Look through the entries below and extract exactly the lines from the one containing "#30=VERTEX_POINT('',#29);" through the one containing "#37=DIRECTION('',(0.,0.,1.));", ends included.

Data items
^^^^^^^^

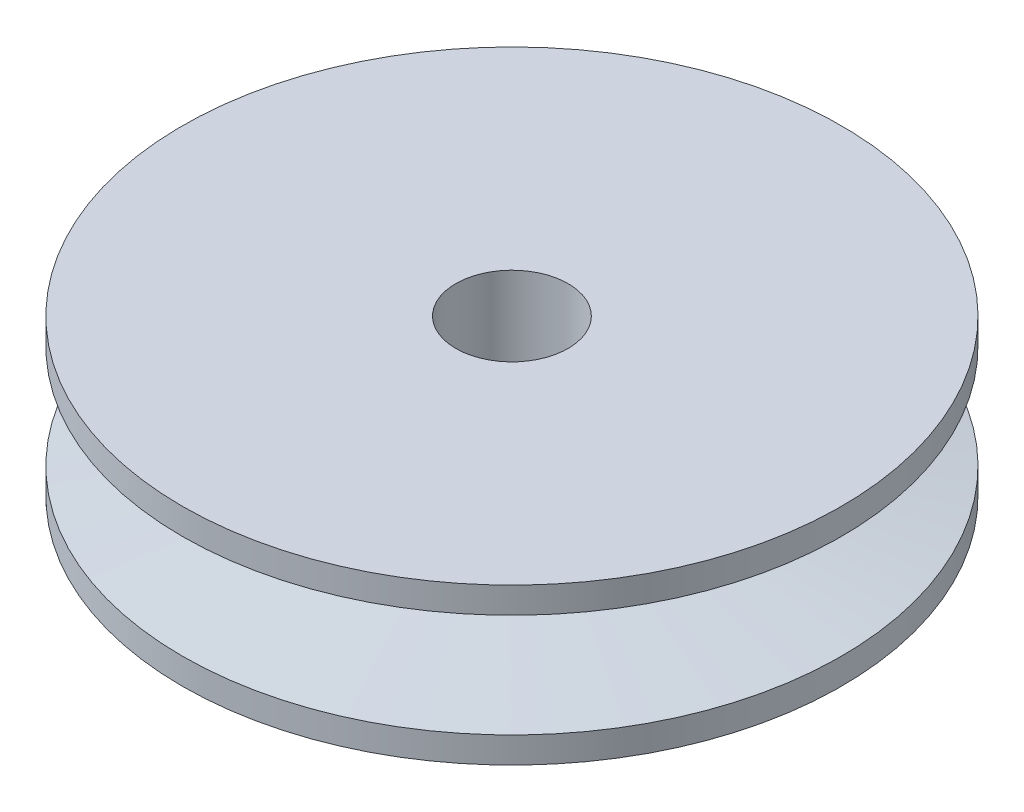
ISO-10303-21;
HEADER;
FILE_DESCRIPTION(('STEP AP214'),'2;1');
FILE_NAME('part.step','',(''),(''),'','','');
FILE_SCHEMA(('AUTOMOTIVE_DESIGN { 1 0 10303 214 1 1 1 1 }'));
ENDSEC;
DATA;
#1=APPLICATION_CONTEXT('core data for automotive mechanical design processes');
#2=APPLICATION_PROTOCOL_DEFINITION('international standard','automotive_design',2000,#1);
#3=PRODUCT_CONTEXT('',#1,'mechanical');
#4=PRODUCT('Part','Part','',(#3));
#5=PRODUCT_RELATED_PRODUCT_CATEGORY('part','',(#4));
#6=PRODUCT_DEFINITION_FORMATION('','',#4);
#7=PRODUCT_DEFINITION_CONTEXT('part definition',#1,'design');
#8=PRODUCT_DEFINITION('design','',#6,#7);
#9=PRODUCT_DEFINITION_SHAPE('','',#8);
#10=(LENGTH_UNIT() NAMED_UNIT(*) SI_UNIT(.MILLI.,.METRE.));
#11=(NAMED_UNIT(*) PLANE_ANGLE_UNIT() SI_UNIT($,.RADIAN.));
#12=(NAMED_UNIT(*) SI_UNIT($,.STERADIAN.) SOLID_ANGLE_UNIT());
#13=UNCERTAINTY_MEASURE_WITH_UNIT(LENGTH_MEASURE(1.E-05),#10,'distance_accuracy_value','');
#14=(GEOMETRIC_REPRESENTATION_CONTEXT(3) GLOBAL_UNCERTAINTY_ASSIGNED_CONTEXT((#13)) GLOBAL_UNIT_ASSIGNED_CONTEXT((#10,
#11,#12)) REPRESENTATION_CONTEXT('',''));
#15=CARTESIAN_POINT('',(0.,0.,0.));
#16=DIRECTION('',(0.,0.,1.));
#17=DIRECTION('',(1.,0.,0.));
#18=AXIS2_PLACEMENT_3D('',#15,#16,#17);
#19=CARTESIAN_POINT('',(0.,-19.7,0.));
#20=DIRECTION('',(0.,1.,0.));
#21=DIRECTION('',(0.,0.,1.));
#22=AXIS2_PLACEMENT_3D('',#19,#20,#21);
#23=PLANE('',#22);
#24=CARTESIAN_POINT('',(0.,-19.7,0.));
#25=DIRECTION('',(0.,1.,0.));
#26=DIRECTION('',(0.,0.,1.));
#27=AXIS2_PLACEMENT_3D('',#24,#25,#26);
#28=CIRCLE('',#27,7.1);
#29=CARTESIAN_POINT('',(0.,-19.7,7.1));
#30=VERTEX_POINT('',#29);
#31=EDGE_CURVE('E61',#30,#30,#28,.T.);
#32=ORIENTED_EDGE('',*,*,#31,.T.);
#33=EDGE_LOOP('',(#32));
#34=FACE_BOUND('',#33,.T.);
#35=CARTESIAN_POINT('',(0.,-19.7,0.));
#36=DIRECTION('',(0.,1.,0.));
#37=DIRECTION('',(0.,0.,1.));
#38=AXIS2_PLACEMENT_3D('',#35,#36,#37);
#39=CIRCLE('',#38,41.65);
#40=CARTESIAN_POINT('',(0.,-19.7,41.65));
#41=VERTEX_POINT('',#40);
#42=EDGE_CURVE('E10',#41,#41,#39,.T.);
#43=ORIENTED_EDGE('',*,*,#42,.F.);
#44=EDGE_LOOP('',(#43));
#45=FACE_BOUND('',#44,.T.);
#46=ADVANCED_FACE('F36',(#34,#45),#23,.F.);
#47=CARTESIAN_POINT('',(0.,0.,0.));
#48=DIRECTION('',(0.,1.,0.));
#49=DIRECTION('',(0.,0.,1.));
#50=AXIS2_PLACEMENT_3D('',#47,#48,#49);
#51=CYLINDRICAL_SURFACE('',#50,41.65);
#52=CARTESIAN_POINT('',(0.,-16.4,0.));
#53=DIRECTION('',(0.,1.,0.));
#54=DIRECTION('',(0.,0.,1.));
#55=AXIS2_PLACEMENT_3D('',#52,#53,#54);
#56=CIRCLE('',#55,41.65);
#57=CARTESIAN_POINT('',(0.,-16.4,41.65));
#58=VERTEX_POINT('',#57);
#59=EDGE_CURVE('E42',#58,#58,#56,.T.);
#60=ORIENTED_EDGE('',*,*,#59,.F.);
#61=EDGE_LOOP('',(#60));
#62=FACE_BOUND('',#61,.T.);
#63=ORIENTED_EDGE('',*,*,#42,.T.);
#64=EDGE_LOOP('',(#63));
#65=FACE_BOUND('',#64,.T.);
#66=ADVANCED_FACE('F102',(#62,#65),#51,.T.);
#67=CARTESIAN_POINT('',(0.,-16.4,0.));
#68=DIRECTION('',(0.,-1.,0.));
#69=DIRECTION('',(0.,0.,-1.));
#70=AXIS2_PLACEMENT_3D('',#67,#68,#69);
#71=CONICAL_SURFACE('',#70,41.65,1.40502667899621);
#72=CARTESIAN_POINT('',(0.,-13.2,0.));
#73=DIRECTION('',(0.,1.,0.));
#74=DIRECTION('',(0.,0.,1.));
#75=AXIS2_PLACEMENT_3D('',#72,#73,#74);
#76=CIRCLE('',#75,22.523249986455);
#77=CARTESIAN_POINT('',(0.,-13.2,22.523249986455));
#78=VERTEX_POINT('',#77);
#79=EDGE_CURVE('E46',#78,#78,#76,.T.);
#80=ORIENTED_EDGE('',*,*,#79,.F.);
#81=EDGE_LOOP('',(#80));
#82=FACE_BOUND('',#81,.T.);
#83=ORIENTED_EDGE('',*,*,#59,.T.);
#84=EDGE_LOOP('',(#83));
#85=FACE_BOUND('',#84,.T.);
#86=ADVANCED_FACE('F97',(#82,#85),#71,.T.);
#87=CARTESIAN_POINT('',(0.,0.,0.));
#88=DIRECTION('',(0.,1.,0.));
#89=DIRECTION('',(0.,0.,1.));
#90=AXIS2_PLACEMENT_3D('',#87,#88,#89);
#91=CYLINDRICAL_SURFACE('',#90,22.523249986455);
#92=CARTESIAN_POINT('',(0.,-6.5,0.));
#93=DIRECTION('',(0.,1.,0.));
#94=DIRECTION('',(0.,0.,1.));
#95=AXIS2_PLACEMENT_3D('',#92,#93,#94);
#96=CIRCLE('',#95,22.523249986455);
#97=CARTESIAN_POINT('',(0.,-6.50000000000001,22.523249986455));
#98=VERTEX_POINT('',#97);
#99=EDGE_CURVE('E50',#98,#98,#96,.T.);
#100=ORIENTED_EDGE('',*,*,#99,.F.);
#101=EDGE_LOOP('',(#100));
#102=FACE_BOUND('',#101,.T.);
#103=ORIENTED_EDGE('',*,*,#79,.T.);
#104=EDGE_LOOP('',(#103));
#105=FACE_BOUND('',#104,.T.);
#106=ADVANCED_FACE('F91',(#102,#105),#91,.T.);
#107=CARTESIAN_POINT('',(0.,-6.5,0.));
#108=DIRECTION('',(0.,1.,0.));
#109=DIRECTION('',(0.,0.,1.));
#110=AXIS2_PLACEMENT_3D('',#107,#108,#109);
#111=CONICAL_SURFACE('',#110,22.523249986455,1.40502667899621);
#112=CARTESIAN_POINT('',(0.,-3.30000000000001,0.));
#113=DIRECTION('',(0.,1.,0.));
#114=DIRECTION('',(0.,0.,1.));
#115=AXIS2_PLACEMENT_3D('',#112,#113,#114);
#116=CIRCLE('',#115,41.65);
#117=CARTESIAN_POINT('',(0.,-3.30000000000001,41.65));
#118=VERTEX_POINT('',#117);
#119=EDGE_CURVE('E55',#118,#118,#116,.T.);
#120=ORIENTED_EDGE('',*,*,#119,.F.);
#121=EDGE_LOOP('',(#120));
#122=FACE_BOUND('',#121,.T.);
#123=ORIENTED_EDGE('',*,*,#99,.T.);
#124=EDGE_LOOP('',(#123));
#125=FACE_BOUND('',#124,.T.);
#126=ADVANCED_FACE('F85',(#122,#125),#111,.T.);
#127=CARTESIAN_POINT('',(0.,0.,0.));
#128=DIRECTION('',(0.,1.,0.));
#129=DIRECTION('',(0.,0.,1.));
#130=AXIS2_PLACEMENT_3D('',#127,#128,#129);
#131=CYLINDRICAL_SURFACE('',#130,41.65);
#132=CARTESIAN_POINT('',(0.,0.,0.));
#133=DIRECTION('',(0.,1.,0.));
#134=DIRECTION('',(0.,0.,1.));
#135=AXIS2_PLACEMENT_3D('',#132,#133,#134);
#136=CIRCLE('',#135,41.65);
#137=CARTESIAN_POINT('',(0.,0.,41.65));
#138=VERTEX_POINT('',#137);
#139=EDGE_CURVE('E58',#138,#138,#136,.T.);
#140=ORIENTED_EDGE('',*,*,#139,.F.);
#141=EDGE_LOOP('',(#140));
#142=FACE_BOUND('',#141,.T.);
#143=ORIENTED_EDGE('',*,*,#119,.T.);
#144=EDGE_LOOP('',(#143));
#145=FACE_BOUND('',#144,.T.);
#146=ADVANCED_FACE('F79',(#142,#145),#131,.T.);
#147=CARTESIAN_POINT('',(0.,0.,0.));
#148=DIRECTION('',(0.,-1.,0.));
#149=DIRECTION('',(0.,0.,-1.));
#150=AXIS2_PLACEMENT_3D('',#147,#148,#149);
#151=PLANE('',#150);
#152=CARTESIAN_POINT('',(0.,0.,0.));
#153=DIRECTION('',(0.,1.,0.));
#154=DIRECTION('',(0.,0.,1.));
#155=AXIS2_PLACEMENT_3D('',#152,#153,#154);
#156=CIRCLE('',#155,7.1);
#157=CARTESIAN_POINT('',(0.,0.,7.1));
#158=VERTEX_POINT('',#157);
#159=EDGE_CURVE('E62',#158,#158,#156,.T.);
#160=ORIENTED_EDGE('',*,*,#159,.F.);
#161=EDGE_LOOP('',(#160));
#162=FACE_BOUND('',#161,.T.);
#163=ORIENTED_EDGE('',*,*,#139,.T.);
#164=EDGE_LOOP('',(#163));
#165=FACE_BOUND('',#164,.T.);
#166=ADVANCED_FACE('F73',(#162,#165),#151,.F.);
#167=CARTESIAN_POINT('',(0.,-19.7,0.));
#168=DIRECTION('',(0.,1.,0.));
#169=DIRECTION('',(0.,0.,1.));
#170=AXIS2_PLACEMENT_3D('',#167,#168,#169);
#171=CYLINDRICAL_SURFACE('',#170,7.1);
#172=ORIENTED_EDGE('',*,*,#31,.F.);
#173=EDGE_LOOP('',(#172));
#174=FACE_BOUND('',#173,.T.);
#175=ORIENTED_EDGE('',*,*,#159,.T.);
#176=EDGE_LOOP('',(#175));
#177=FACE_BOUND('',#176,.T.);
#178=ADVANCED_FACE('F70',(#174,#177),#171,.F.);
#179=CLOSED_SHELL('',(#46,#66,#86,#106,#126,#146,#166,#178));
#180=MANIFOLD_SOLID_BREP('B2',#179);
#181=ADVANCED_BREP_SHAPE_REPRESENTATION('',(#18,#180),#14);
#182=SHAPE_DEFINITION_REPRESENTATION(#9,#181);
ENDSEC;
END-ISO-10303-21;

^^^^^^^^

:: ANSWER TO THE PROBLEM ::
#30=VERTEX_POINT('',#29);
#31=EDGE_CURVE('E61',#30,#30,#28,.T.);
#32=ORIENTED_EDGE('',*,*,#31,.T.);
#33=EDGE_LOOP('',(#32));
#34=FACE_BOUND('',#33,.T.);
#35=CARTESIAN_POINT('',(0.,-19.7,0.));
#36=DIRECTION('',(0.,1.,0.));
#37=DIRECTION('',(0.,0.,1.));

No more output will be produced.